Context
The Instagram Reels team is testing a new save-forwarding UI: after a user taps IG Save on a Reel, the app briefly surfaces a richer confirmation tray with related Reels and a stronger visual reward. PMs believe this could improve the AARRR activation-to-retention path by making saving feel more valuable, but they are concerned that any early lift may be driven by novelty effect / primacy effect rather than durable behavior change.
Hypothesis Seed
The treatment may increase the probability that a Reel viewer saves at least one Reel in a day because the new UI is more salient and rewarding. However, users may respond strongly only when the experience is new, causing an inflated week-1 lift that fades by week 2. You should design the experiment to measure both the immediate effect and whether the effect persists after novelty wears off.
Constraints
- Eligible traffic: 6,000,000 daily active Reels viewers globally
- Only 20% of eligible traffic can be exposed initially due to UX risk; assume a final steady-state allocation of 10% control / 10% treatment / 80% holdout from this launch candidate
- Maximum decision window: 14 days
- False positives are costly because shipping a novelty-only UI adds product complexity and may crowd the Reels viewer
- False negatives are acceptable up to a point; the team only wants to ship if the effect is durable and meaningful
- Meta experimentation stack supports CUPED using 14-day pre-experiment user history and standard SRM monitoring
Deliverables
- Define novelty effect and primacy effect in this Meta scenario, and state a testable hypothesis that separates short-term lift from durable lift.
- Choose the primary metric, 2-4 guardrails, and at least one secondary metric using Meta vocabulary (for example IG Save, Reels engagement, retention in the AARRR funnel).

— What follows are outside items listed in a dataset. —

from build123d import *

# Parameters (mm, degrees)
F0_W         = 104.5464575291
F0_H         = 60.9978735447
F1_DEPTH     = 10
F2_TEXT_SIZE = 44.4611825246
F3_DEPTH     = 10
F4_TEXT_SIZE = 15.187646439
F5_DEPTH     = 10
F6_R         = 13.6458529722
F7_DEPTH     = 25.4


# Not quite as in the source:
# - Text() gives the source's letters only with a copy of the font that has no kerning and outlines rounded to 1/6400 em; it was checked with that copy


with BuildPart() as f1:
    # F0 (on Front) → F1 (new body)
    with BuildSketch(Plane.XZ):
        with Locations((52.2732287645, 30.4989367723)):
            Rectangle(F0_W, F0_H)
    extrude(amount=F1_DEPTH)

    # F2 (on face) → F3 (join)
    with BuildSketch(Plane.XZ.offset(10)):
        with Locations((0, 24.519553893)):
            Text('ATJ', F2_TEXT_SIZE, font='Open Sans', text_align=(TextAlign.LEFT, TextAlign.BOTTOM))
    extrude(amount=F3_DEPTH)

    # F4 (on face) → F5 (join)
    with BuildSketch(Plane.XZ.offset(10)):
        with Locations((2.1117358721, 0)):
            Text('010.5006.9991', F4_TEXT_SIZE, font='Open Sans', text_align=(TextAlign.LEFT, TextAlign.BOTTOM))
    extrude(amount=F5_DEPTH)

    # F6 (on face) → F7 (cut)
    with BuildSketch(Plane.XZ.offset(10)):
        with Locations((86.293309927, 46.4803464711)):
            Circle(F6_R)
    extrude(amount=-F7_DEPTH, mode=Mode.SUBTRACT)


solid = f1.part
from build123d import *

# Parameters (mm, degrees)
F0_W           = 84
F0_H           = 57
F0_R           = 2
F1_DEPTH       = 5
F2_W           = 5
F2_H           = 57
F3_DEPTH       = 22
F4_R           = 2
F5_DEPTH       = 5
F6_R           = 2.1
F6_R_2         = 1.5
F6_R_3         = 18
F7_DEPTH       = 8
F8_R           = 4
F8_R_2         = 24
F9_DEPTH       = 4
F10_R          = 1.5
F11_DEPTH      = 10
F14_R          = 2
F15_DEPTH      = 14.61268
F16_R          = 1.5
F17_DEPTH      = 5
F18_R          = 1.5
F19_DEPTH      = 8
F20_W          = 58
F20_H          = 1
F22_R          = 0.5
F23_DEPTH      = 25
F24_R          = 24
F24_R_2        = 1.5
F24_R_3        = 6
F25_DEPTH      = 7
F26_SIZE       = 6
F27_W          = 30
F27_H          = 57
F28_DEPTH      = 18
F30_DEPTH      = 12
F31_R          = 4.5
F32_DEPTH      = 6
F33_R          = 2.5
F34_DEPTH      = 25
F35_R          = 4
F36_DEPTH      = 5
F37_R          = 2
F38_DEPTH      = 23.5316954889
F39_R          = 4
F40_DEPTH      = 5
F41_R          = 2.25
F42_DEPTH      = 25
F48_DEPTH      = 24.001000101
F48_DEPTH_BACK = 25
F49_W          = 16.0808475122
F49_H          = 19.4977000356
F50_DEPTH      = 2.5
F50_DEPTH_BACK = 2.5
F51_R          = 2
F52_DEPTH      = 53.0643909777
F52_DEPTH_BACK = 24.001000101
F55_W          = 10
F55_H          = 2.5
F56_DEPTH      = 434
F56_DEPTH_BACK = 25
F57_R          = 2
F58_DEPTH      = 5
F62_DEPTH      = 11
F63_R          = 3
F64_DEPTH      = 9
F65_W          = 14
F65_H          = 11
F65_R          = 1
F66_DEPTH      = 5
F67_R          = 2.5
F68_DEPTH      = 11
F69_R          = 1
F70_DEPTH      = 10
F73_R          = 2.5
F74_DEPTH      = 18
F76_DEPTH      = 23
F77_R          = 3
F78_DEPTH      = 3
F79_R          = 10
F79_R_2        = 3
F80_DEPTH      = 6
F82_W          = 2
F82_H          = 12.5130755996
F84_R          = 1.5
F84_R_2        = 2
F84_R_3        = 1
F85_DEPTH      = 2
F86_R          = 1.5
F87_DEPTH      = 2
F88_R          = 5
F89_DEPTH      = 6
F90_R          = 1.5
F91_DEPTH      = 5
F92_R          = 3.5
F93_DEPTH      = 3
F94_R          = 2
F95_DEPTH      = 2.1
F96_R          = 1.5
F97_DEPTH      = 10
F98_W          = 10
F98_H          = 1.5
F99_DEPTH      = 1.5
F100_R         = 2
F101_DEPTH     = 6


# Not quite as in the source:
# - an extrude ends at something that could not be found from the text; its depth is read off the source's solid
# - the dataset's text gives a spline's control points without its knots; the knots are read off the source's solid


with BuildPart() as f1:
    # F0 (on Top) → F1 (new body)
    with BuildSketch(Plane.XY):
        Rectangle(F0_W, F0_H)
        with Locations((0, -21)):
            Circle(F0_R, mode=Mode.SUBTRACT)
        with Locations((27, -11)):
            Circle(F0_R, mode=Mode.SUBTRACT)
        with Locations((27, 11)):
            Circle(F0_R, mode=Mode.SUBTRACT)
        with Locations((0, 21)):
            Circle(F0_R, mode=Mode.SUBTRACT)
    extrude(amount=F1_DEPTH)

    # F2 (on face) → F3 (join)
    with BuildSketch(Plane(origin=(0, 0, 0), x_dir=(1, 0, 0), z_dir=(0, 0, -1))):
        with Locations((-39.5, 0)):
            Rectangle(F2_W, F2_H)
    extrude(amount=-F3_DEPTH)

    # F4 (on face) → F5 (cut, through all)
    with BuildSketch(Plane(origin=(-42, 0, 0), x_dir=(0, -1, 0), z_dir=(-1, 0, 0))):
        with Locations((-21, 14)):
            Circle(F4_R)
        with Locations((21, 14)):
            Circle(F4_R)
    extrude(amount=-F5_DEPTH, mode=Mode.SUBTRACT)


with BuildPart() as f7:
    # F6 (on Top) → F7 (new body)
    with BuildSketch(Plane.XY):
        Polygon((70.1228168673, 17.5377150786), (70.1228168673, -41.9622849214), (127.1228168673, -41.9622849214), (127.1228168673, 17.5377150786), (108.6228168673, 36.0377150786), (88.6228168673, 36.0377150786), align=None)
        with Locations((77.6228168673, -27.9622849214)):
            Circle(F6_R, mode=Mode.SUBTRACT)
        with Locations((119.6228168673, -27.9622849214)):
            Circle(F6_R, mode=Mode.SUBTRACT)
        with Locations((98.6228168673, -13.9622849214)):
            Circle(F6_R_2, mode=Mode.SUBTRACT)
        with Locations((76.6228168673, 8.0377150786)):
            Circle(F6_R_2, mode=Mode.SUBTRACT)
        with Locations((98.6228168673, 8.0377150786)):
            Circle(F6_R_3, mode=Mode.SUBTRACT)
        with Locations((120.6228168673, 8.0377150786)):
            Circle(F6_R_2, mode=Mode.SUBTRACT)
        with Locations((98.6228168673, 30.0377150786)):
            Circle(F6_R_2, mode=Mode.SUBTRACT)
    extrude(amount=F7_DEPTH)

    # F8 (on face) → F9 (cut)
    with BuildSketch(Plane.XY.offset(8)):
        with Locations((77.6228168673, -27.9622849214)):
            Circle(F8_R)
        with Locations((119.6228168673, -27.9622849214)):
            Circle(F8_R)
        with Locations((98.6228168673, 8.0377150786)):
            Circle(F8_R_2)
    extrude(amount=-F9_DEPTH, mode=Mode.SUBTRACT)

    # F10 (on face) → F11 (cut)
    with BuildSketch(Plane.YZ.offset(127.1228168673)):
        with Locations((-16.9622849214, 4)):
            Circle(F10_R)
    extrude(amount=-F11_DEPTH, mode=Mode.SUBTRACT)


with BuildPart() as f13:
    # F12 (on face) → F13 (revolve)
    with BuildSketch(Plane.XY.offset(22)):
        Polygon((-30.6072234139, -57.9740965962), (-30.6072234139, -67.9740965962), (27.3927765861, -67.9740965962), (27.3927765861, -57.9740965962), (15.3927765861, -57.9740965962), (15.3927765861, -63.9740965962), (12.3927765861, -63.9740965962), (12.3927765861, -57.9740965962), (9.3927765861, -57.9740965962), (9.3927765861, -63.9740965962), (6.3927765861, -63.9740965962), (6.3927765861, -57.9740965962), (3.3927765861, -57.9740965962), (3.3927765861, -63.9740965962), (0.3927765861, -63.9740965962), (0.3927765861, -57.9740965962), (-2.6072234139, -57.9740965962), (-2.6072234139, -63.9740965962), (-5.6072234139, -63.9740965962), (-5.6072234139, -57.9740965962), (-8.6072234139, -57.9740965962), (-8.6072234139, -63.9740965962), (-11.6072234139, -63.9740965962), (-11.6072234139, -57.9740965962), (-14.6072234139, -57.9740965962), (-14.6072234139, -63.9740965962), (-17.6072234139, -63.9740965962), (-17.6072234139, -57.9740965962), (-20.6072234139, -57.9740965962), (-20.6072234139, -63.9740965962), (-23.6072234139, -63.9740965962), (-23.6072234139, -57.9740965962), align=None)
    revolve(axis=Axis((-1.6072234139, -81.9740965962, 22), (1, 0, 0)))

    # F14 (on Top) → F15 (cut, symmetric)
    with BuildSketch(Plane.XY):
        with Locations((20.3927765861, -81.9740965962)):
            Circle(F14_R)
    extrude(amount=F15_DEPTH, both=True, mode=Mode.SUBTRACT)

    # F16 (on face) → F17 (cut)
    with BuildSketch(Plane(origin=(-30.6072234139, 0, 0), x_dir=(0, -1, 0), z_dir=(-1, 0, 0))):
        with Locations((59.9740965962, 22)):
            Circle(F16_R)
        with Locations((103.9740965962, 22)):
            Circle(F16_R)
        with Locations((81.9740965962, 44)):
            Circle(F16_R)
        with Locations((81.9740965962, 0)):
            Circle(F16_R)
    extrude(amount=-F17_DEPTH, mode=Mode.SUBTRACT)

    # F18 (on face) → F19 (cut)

- Compute the required sample size with an explicit MDE, then translate it into runtime under the traffic constraints.
- Specify unit of randomization, allocation, duration, CUPED usage, and a pre-registered analysis plan including peeking and multiple-comparisons policy.
- State a ship / do-not-ship / iterate rule that respects guardrails and explains what you would do if week 1 is positive but week 2 decays materially.